> **Problem to work on**: Retrieve each line that contains the word "blocks" from the entries below.

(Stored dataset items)
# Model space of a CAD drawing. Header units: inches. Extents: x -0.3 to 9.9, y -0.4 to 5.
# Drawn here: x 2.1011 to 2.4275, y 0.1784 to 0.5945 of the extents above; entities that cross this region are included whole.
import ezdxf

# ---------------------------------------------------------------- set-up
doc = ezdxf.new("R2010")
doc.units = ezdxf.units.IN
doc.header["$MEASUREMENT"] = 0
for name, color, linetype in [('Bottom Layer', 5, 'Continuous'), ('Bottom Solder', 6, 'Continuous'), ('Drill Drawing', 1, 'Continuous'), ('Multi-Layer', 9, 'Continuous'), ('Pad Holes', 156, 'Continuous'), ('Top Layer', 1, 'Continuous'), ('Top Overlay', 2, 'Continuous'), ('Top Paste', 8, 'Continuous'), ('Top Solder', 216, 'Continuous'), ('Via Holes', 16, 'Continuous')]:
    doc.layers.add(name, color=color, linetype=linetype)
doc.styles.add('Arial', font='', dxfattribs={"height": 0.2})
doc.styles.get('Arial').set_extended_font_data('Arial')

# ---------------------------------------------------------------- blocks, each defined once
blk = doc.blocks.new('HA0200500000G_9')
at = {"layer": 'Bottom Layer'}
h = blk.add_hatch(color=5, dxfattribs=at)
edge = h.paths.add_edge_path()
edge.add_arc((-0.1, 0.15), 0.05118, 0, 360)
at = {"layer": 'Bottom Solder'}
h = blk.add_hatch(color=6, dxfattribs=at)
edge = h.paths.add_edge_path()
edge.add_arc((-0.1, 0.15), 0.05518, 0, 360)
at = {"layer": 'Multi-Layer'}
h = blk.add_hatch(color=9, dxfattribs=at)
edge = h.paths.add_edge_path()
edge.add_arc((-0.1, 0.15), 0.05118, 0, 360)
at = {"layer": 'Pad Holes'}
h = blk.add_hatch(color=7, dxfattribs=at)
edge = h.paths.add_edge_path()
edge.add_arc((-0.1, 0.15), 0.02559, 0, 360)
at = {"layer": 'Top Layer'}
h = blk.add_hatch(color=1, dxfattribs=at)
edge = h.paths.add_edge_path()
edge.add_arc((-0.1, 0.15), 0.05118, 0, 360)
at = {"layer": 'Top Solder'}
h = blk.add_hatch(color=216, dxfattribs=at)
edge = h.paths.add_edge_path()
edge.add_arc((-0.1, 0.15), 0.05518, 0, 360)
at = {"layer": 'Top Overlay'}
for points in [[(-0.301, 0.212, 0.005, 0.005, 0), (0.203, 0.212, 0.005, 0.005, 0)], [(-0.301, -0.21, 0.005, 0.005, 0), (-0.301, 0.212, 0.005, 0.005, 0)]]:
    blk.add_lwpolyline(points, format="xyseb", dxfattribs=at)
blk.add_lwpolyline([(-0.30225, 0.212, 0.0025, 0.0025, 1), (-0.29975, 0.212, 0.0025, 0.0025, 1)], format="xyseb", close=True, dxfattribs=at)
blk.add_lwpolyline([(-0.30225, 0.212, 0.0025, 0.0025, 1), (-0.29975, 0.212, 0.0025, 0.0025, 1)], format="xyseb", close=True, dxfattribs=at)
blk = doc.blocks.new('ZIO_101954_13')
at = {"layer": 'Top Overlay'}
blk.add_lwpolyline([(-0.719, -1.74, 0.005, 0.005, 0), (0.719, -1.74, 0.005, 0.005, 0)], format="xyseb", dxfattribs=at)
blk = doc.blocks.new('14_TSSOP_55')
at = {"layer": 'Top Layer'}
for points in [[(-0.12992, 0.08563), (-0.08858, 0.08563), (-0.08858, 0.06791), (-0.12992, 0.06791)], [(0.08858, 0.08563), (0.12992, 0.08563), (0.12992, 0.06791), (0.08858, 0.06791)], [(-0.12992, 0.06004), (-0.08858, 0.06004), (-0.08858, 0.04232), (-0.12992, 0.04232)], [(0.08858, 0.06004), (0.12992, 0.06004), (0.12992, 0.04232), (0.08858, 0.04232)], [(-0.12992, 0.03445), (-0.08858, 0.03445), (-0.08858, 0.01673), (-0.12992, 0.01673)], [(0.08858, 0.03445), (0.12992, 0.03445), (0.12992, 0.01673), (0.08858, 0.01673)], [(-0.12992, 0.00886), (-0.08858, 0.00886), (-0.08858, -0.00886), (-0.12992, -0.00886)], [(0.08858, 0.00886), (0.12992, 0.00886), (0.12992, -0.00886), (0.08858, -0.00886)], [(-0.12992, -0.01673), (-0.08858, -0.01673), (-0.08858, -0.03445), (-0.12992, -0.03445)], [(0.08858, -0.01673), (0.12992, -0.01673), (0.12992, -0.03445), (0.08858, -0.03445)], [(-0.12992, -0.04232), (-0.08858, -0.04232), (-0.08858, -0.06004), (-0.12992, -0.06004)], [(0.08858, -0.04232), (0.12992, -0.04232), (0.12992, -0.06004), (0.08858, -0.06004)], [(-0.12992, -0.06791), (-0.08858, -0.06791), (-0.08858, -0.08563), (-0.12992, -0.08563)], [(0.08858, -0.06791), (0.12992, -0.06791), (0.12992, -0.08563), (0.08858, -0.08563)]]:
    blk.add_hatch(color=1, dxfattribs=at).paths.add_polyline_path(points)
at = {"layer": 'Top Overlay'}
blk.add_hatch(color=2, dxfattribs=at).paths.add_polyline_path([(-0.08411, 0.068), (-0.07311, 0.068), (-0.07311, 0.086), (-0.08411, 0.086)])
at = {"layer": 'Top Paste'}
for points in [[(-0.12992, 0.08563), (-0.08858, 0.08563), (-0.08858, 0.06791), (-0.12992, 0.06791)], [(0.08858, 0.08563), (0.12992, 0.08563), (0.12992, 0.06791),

> **Exercise response**:
# ---------------------------------------------------------------- blocks, each defined once
blk = doc.blocks.new('HA0200500000G_9')
blk = doc.blocks.new('ZIO_101954_13')
blk = doc.blocks.new('14_TSSOP_55')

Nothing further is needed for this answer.